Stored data
______

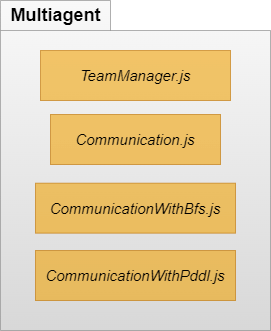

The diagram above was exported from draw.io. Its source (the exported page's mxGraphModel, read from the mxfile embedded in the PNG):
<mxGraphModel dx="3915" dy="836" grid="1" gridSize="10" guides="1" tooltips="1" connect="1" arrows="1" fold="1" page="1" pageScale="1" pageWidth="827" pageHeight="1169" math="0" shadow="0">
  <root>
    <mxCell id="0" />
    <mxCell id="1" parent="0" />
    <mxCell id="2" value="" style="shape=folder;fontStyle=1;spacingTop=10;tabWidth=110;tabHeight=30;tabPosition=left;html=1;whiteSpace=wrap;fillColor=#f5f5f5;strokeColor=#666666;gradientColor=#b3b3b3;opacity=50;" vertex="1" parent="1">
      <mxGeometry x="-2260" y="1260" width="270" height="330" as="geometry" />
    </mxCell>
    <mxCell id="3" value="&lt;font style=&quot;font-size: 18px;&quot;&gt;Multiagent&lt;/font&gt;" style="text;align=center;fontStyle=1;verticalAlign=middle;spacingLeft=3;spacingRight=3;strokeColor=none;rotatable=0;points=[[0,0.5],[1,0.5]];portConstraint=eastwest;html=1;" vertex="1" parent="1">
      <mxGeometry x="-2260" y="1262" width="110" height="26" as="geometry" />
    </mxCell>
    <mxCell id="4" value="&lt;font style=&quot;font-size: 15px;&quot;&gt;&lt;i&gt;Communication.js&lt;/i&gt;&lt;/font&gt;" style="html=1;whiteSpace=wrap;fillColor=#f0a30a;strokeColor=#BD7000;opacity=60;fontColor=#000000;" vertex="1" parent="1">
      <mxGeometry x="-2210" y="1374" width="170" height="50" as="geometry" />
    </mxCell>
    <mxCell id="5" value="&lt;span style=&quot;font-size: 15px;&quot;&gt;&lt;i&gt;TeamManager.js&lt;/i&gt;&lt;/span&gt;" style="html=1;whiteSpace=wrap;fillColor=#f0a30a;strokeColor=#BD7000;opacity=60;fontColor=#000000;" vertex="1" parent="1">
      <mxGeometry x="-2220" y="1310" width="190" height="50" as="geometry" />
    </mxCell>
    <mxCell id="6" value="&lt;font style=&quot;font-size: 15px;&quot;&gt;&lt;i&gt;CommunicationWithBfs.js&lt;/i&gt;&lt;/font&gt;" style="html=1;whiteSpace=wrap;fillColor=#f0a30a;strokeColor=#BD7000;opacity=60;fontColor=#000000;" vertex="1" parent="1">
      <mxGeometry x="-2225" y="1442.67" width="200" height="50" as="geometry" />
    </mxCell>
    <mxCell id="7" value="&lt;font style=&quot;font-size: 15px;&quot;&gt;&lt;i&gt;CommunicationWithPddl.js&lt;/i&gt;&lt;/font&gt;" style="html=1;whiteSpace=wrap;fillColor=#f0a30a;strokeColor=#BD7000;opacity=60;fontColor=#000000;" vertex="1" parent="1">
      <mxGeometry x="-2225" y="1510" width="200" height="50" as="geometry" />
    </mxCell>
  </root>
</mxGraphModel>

______

Above are records to transcribe exactly; leave their pictures out.

The diagram above was exported from draw.io. Its source (the exported page's mxGraphModel, read from the mxfile embedded in the PNG):
<mxGraphModel dx="3915" dy="836" grid="1" gridSize="10" guides="1" tooltips="1" connect="1" arrows="1" fold="1" page="1" pageScale="1" pageWidth="827" pageHeight="1169" math="0" shadow="0">
  <root>
    <mxCell id="0" />
    <mxCell id="1" parent="0" />
    <mxCell id="2" value="" style="shape=folder;fontStyle=1;spacingTop=10;tabWidth=110;tabHeight=30;tabPosition=left;html=1;whiteSpace=wrap;fillColor=#f5f5f5;strokeColor=#666666;gradientColor=#b3b3b3;opacity=50;" vertex="1" parent="1">
      <mxGeometry x="-2260" y="1260" width="270" height="330" as="geometry" />
    </mxCell>
    <mxCell id="3" value="&lt;font style=&quot;font-size: 18px;&quot;&gt;Multiagent&lt;/font&gt;" style="text;align=center;fontStyle=1;verticalAlign=middle;spacingLeft=3;spacingRight=3;strokeColor=none;rotatable=0;points=[[0,0.5],[1,0.5]];portConstraint=eastwest;html=1;" vertex="1" parent="1">
      <mxGeometry x="-2260" y="1262" width="110" height="26" as="geometry" />
    </mxCell>
    <mxCell id="4" value="&lt;font style=&quot;font-size: 15px;&quot;&gt;&lt;i&gt;Communication.js&lt;/i&gt;&lt;/font&gt;" style="html=1;whiteSpace=wrap;fillColor=#f0a30a;strokeColor=#BD7000;opacity=60;fontColor=#000000;" vertex="1" parent="1">
      <mxGeometry x="-2210" y="1374" width="170" height="50" as="geometry" />
    </mxCell>
    <mxCell id="5" value="&lt;span style=&quot;font-size: 15px;&quot;&gt;&lt;i&gt;TeamManager.js&lt;/i&gt;&lt;/span&gt;" style="html=1;whiteSpace=wrap;fillColor=#f0a30a;strokeColor=#BD7000;opacity=60;fontColor=#000000;" vertex="1" parent="1">
      <mxGeometry x="-2220" y="1310" width="190" height="50" as="geometry" />
    </mxCell>
    <mxCell id="6" value="&lt;font style=&quot;font-size: 15px;&quot;&gt;&lt;i&gt;CommunicationWithBfs.js&lt;/i&gt;&lt;/font&gt;" style="html=1;whiteSpace=wrap;fillColor=#f0a30a;strokeColor=#BD7000;opacity=60;fontColor=#000000;" vertex="1" parent="1">
      <mxGeometry x="-2225" y="1442.67" width="200" height="50" as="geometry" />
    </mxCell>
    <mxCell id="7" value="&lt;font style=&quot;font-size: 15px;&quot;&gt;&lt;i&gt;CommunicationWithPddl.js&lt;/i&gt;&lt;/font&gt;" style="html=1;whiteSpace=wrap;fillColor=#f0a30a;strokeColor=#BD7000;opacity=60;fontColor=#000000;" vertex="1" parent="1">
      <mxGeometry x="-2225" y="1510" width="200" height="50" as="geometry" />
    </mxCell>
  </root>
</mxGraphModel>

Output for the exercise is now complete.